> [Aim of the task] Locate the line that contains "#126=DIRECTION('',(0.,-1.,0.));" in the entries below, then repeat it and every following line through the line that contains "#138=CARTESIAN_POINT('',(-10.16,22.86,139.7));", exactly, and no others.

> [Records for the task]
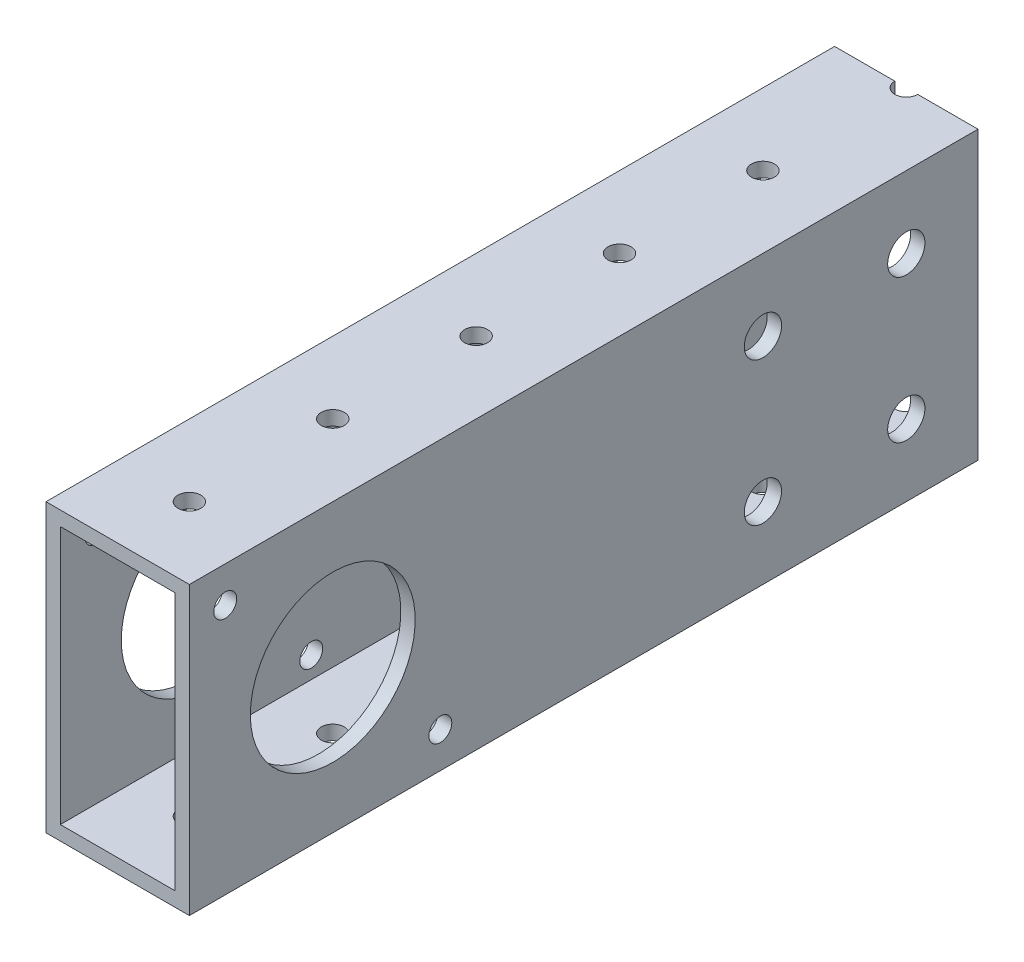
ISO-10303-21;
HEADER;
FILE_DESCRIPTION(('STEP AP214'),'2;1');
FILE_NAME('part.step','',(''),(''),'','','');
FILE_SCHEMA(('AUTOMOTIVE_DESIGN { 1 0 10303 214 1 1 1 1 }'));
ENDSEC;
DATA;
#1=APPLICATION_CONTEXT('core data for automotive mechanical design processes');
#2=APPLICATION_PROTOCOL_DEFINITION('international standard','automotive_design',2000,#1);
#3=PRODUCT_CONTEXT('',#1,'mechanical');
#4=PRODUCT('Part','Part','',(#3));
#5=PRODUCT_RELATED_PRODUCT_CATEGORY('part','',(#4));
#6=PRODUCT_DEFINITION_FORMATION('','',#4);
#7=PRODUCT_DEFINITION_CONTEXT('part definition',#1,'design');
#8=PRODUCT_DEFINITION('design','',#6,#7);
#9=PRODUCT_DEFINITION_SHAPE('','',#8);
#10=(LENGTH_UNIT() NAMED_UNIT(*) SI_UNIT(.MILLI.,.METRE.));
#11=(NAMED_UNIT(*) PLANE_ANGLE_UNIT() SI_UNIT($,.RADIAN.));
#12=(NAMED_UNIT(*) SI_UNIT($,.STERADIAN.) SOLID_ANGLE_UNIT());
#13=UNCERTAINTY_MEASURE_WITH_UNIT(LENGTH_MEASURE(1.E-05),#10,'distance_accuracy_value','');
#14=(GEOMETRIC_REPRESENTATION_CONTEXT(3) GLOBAL_UNCERTAINTY_ASSIGNED_CONTEXT((#13)) GLOBAL_UNIT_ASSIGNED_CONTEXT((#10,
#11,#12)) REPRESENTATION_CONTEXT('',''));
#15=CARTESIAN_POINT('',(0.,0.,0.));
#16=DIRECTION('',(0.,0.,1.));
#17=DIRECTION('',(1.,0.,0.));
#18=AXIS2_PLACEMENT_3D('',#15,#16,#17);
#19=CARTESIAN_POINT('',(0.,0.,0.));
#20=DIRECTION('',(0.,0.,-1.));
#21=DIRECTION('',(-1.,0.,0.));
#22=AXIS2_PLACEMENT_3D('',#19,#20,#21);
#23=PLANE('',#22);
#24=DIRECTION('',(0.,1.,0.));
#25=VECTOR('',#24,1.);
#26=CARTESIAN_POINT('',(-2.032,-25.4,0.));
#27=LINE('',#26,#25);
#28=CARTESIAN_POINT('',(-2.032,-25.4,0.));
#29=VERTEX_POINT('',#28);
#30=CARTESIAN_POINT('',(-2.032,-22.86,0.));
#31=VERTEX_POINT('',#30);
#32=EDGE_CURVE('E49',#29,#31,#27,.T.);
#33=ORIENTED_EDGE('',*,*,#32,.F.);
#34=DIRECTION('',(1.,0.,0.));
#35=VECTOR('',#34,1.);
#36=CARTESIAN_POINT('',(-12.7,-25.4,0.));
#37=LINE('',#36,#35);
#38=CARTESIAN_POINT('',(-12.7,-25.4,0.));
#39=VERTEX_POINT('',#38);
#40=EDGE_CURVE('E137',#39,#29,#37,.T.);
#41=ORIENTED_EDGE('',*,*,#40,.F.);
#42=DIRECTION('',(0.,-1.,0.));
#43=VECTOR('',#42,1.);
#44=CARTESIAN_POINT('',(-12.7,-25.4,0.));
#45=LINE('',#44,#43);
#46=CARTESIAN_POINT('',(-12.7,25.4,0.));
#47=VERTEX_POINT('',#46);
#48=EDGE_CURVE('E144',#47,#39,#45,.T.);
#49=ORIENTED_EDGE('',*,*,#48,.F.);
#50=DIRECTION('',(-1.,0.,0.));
#51=VECTOR('',#50,1.);
#52=CARTESIAN_POINT('',(-12.7,25.4,0.));
#53=LINE('',#52,#51);
#54=CARTESIAN_POINT('',(-2.032,25.4,0.));
#55=VERTEX_POINT('',#54);
#56=EDGE_CURVE('E311',#55,#47,#53,.T.);
#57=ORIENTED_EDGE('',*,*,#56,.F.);
#58=CARTESIAN_POINT('',(-2.032,22.86,0.));
#59=VERTEX_POINT('',#58);
#60=EDGE_CURVE('E267',#59,#55,#27,.T.);
#61=ORIENTED_EDGE('',*,*,#60,.F.);
#62=DIRECTION('',(-1.,0.,0.));
#63=VECTOR('',#62,1.);
#64=CARTESIAN_POINT('',(-10.16,22.86,0.));
#65=LINE('',#64,#63);
#66=CARTESIAN_POINT('',(-10.16,22.86,0.));
#67=VERTEX_POINT('',#66);
#68=EDGE_CURVE('E291',#59,#67,#65,.T.);
#69=ORIENTED_EDGE('',*,*,#68,.T.);
#70=DIRECTION('',(0.,-1.,0.));
#71=VECTOR('',#70,1.);
#72=CARTESIAN_POINT('',(-10.16,-22.86,0.));
#73=LINE('',#72,#71);
#74=CARTESIAN_POINT('',(-10.16,-22.86,0.));
#75=VERTEX_POINT('',#74);
#76=EDGE_CURVE('E281',#67,#75,#73,.T.);
#77=ORIENTED_EDGE('',*,*,#76,.T.);
#78=DIRECTION('',(1.,0.,0.));
#79=VECTOR('',#78,1.);
#80=CARTESIAN_POINT('',(-10.16,-22.86,0.));
#81=LINE('',#80,#79);
#82=EDGE_CURVE('E285',#75,#31,#81,.T.);
#83=ORIENTED_EDGE('',*,*,#82,.T.);
#84=EDGE_LOOP('',(#33,#41,#49,#57,#61,#69,#77,#83));
#85=FACE_BOUND('',#84,.T.);
#86=ADVANCED_FACE('F32',(#85),#23,.T.);
#87=CARTESIAN_POINT('',(0.,0.,139.7));
#88=DIRECTION('',(0.,0.,-1.));
#89=DIRECTION('',(-1.,0.,0.));
#90=AXIS2_PLACEMENT_3D('',#87,#88,#89);
#91=PLANE('',#90);
#92=DIRECTION('',(0.,1.,0.));
#93=VECTOR('',#92,1.);
#94=CARTESIAN_POINT('',(12.7,-25.4,139.7));
#95=LINE('',#94,#93);
#96=CARTESIAN_POINT('',(12.7,-25.4,139.7));
#97=VERTEX_POINT('',#96);
#98=CARTESIAN_POINT('',(12.7,25.4,139.7));
#99=VERTEX_POINT('',#98);
#100=EDGE_CURVE('E146',#97,#99,#95,.T.);
#101=ORIENTED_EDGE('',*,*,#100,.T.);
#102=DIRECTION('',(-1.,0.,0.));
#103=VECTOR('',#102,1.);
#104=CARTESIAN_POINT('',(-12.7,25.4,139.7));
#105=LINE('',#104,#103);
#106=CARTESIAN_POINT('',(-12.7,25.4,139.7));
#107=VERTEX_POINT('',#106);
#108=EDGE_CURVE('E306',#99,#107,#105,.T.);
#109=ORIENTED_EDGE('',*,*,#108,.T.);
#110=DIRECTION('',(0.,-1.,0.));
#111=VECTOR('',#110,1.);
#112=CARTESIAN_POINT('',(-12.7,-25.4,139.7));
#113=LINE('',#112,#111);
#114=CARTESIAN_POINT('',(-12.7,-25.4,139.7));
#115=VERTEX_POINT('',#114);
#116=EDGE_CURVE('E308',#107,#115,#113,.T.);
#117=ORIENTED_EDGE('',*,*,#116,.T.);
#118=DIRECTION('',(1.,0.,0.));
#119=VECTOR('',#118,1.);
#120=CARTESIAN_POINT('',(-12.7,-25.4,139.7));
#121=LINE('',#120,#119);
#122=EDGE_CURVE('E154',#115,#97,#121,.T.);
#123=ORIENTED_EDGE('',*,*,#122,.T.);
#124=EDGE_LOOP('',(#101,#109,#117,#123));
#125=FACE_BOUND('',#124,.T.);
#126=DIRECTION('',(0.,-1.,0.));
#127=VECTOR('',#126,1.);
#128=CARTESIAN_POINT('',(-10.16,-22.86,139.7));
#129=LINE('',#128,#127);
#130=CARTESIAN_POINT('',(-10.16,22.86,139.7));
#131=VERTEX_POINT('',#130);
#132=CARTESIAN_POINT('',(-10.16,-22.86,139.7));
#133=VERTEX_POINT('',#132);
#134=EDGE_CURVE('E270',#131,#133,#129,.T.);
#135=ORIENTED_EDGE('',*,*,#134,.F.);
#136=DIRECTION('',(-1.,0.,0.));
#137=VECTOR('',#136,1.);
#138=CARTESIAN_POINT('',(-10.16,22.86,139.7));
#139=LINE('',#138,#137);
#140=CARTESIAN_POINT('',(10.16,22.86,139.7));
#141=VERTEX_POINT('',#140);
#142=EDGE_CURVE('E278',#141,#131,#139,.T.);
#143=ORIENTED_EDGE('',*,*,#142,.F.);
#144=DIRECTION('',(0.,1.,0.));
#145=VECTOR('',#144,1.);
#146=CARTESIAN_POINT('',(10.16,-22.86,139.7));
#147=LINE('',#146,#145);
#148=CARTESIAN_POINT('',(10.16,-22.86,139.7));
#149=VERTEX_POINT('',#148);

> [Answer box]
#126=DIRECTION('',(0.,-1.,0.));
#127=VECTOR('',#126,1.);
#128=CARTESIAN_POINT('',(-10.16,-22.86,139.7));
#129=LINE('',#128,#127);
#130=CARTESIAN_POINT('',(-10.16,22.86,139.7));
#131=VERTEX_POINT('',#130);
#132=CARTESIAN_POINT('',(-10.16,-22.86,139.7));
#133=VERTEX_POINT('',#132);
#134=EDGE_CURVE('E270',#131,#133,#129,.T.);
#135=ORIENTED_EDGE('',*,*,#134,.F.);
#136=DIRECTION('',(-1.,0.,0.));
#137=VECTOR('',#136,1.);
#138=CARTESIAN_POINT('',(-10.16,22.86,139.7));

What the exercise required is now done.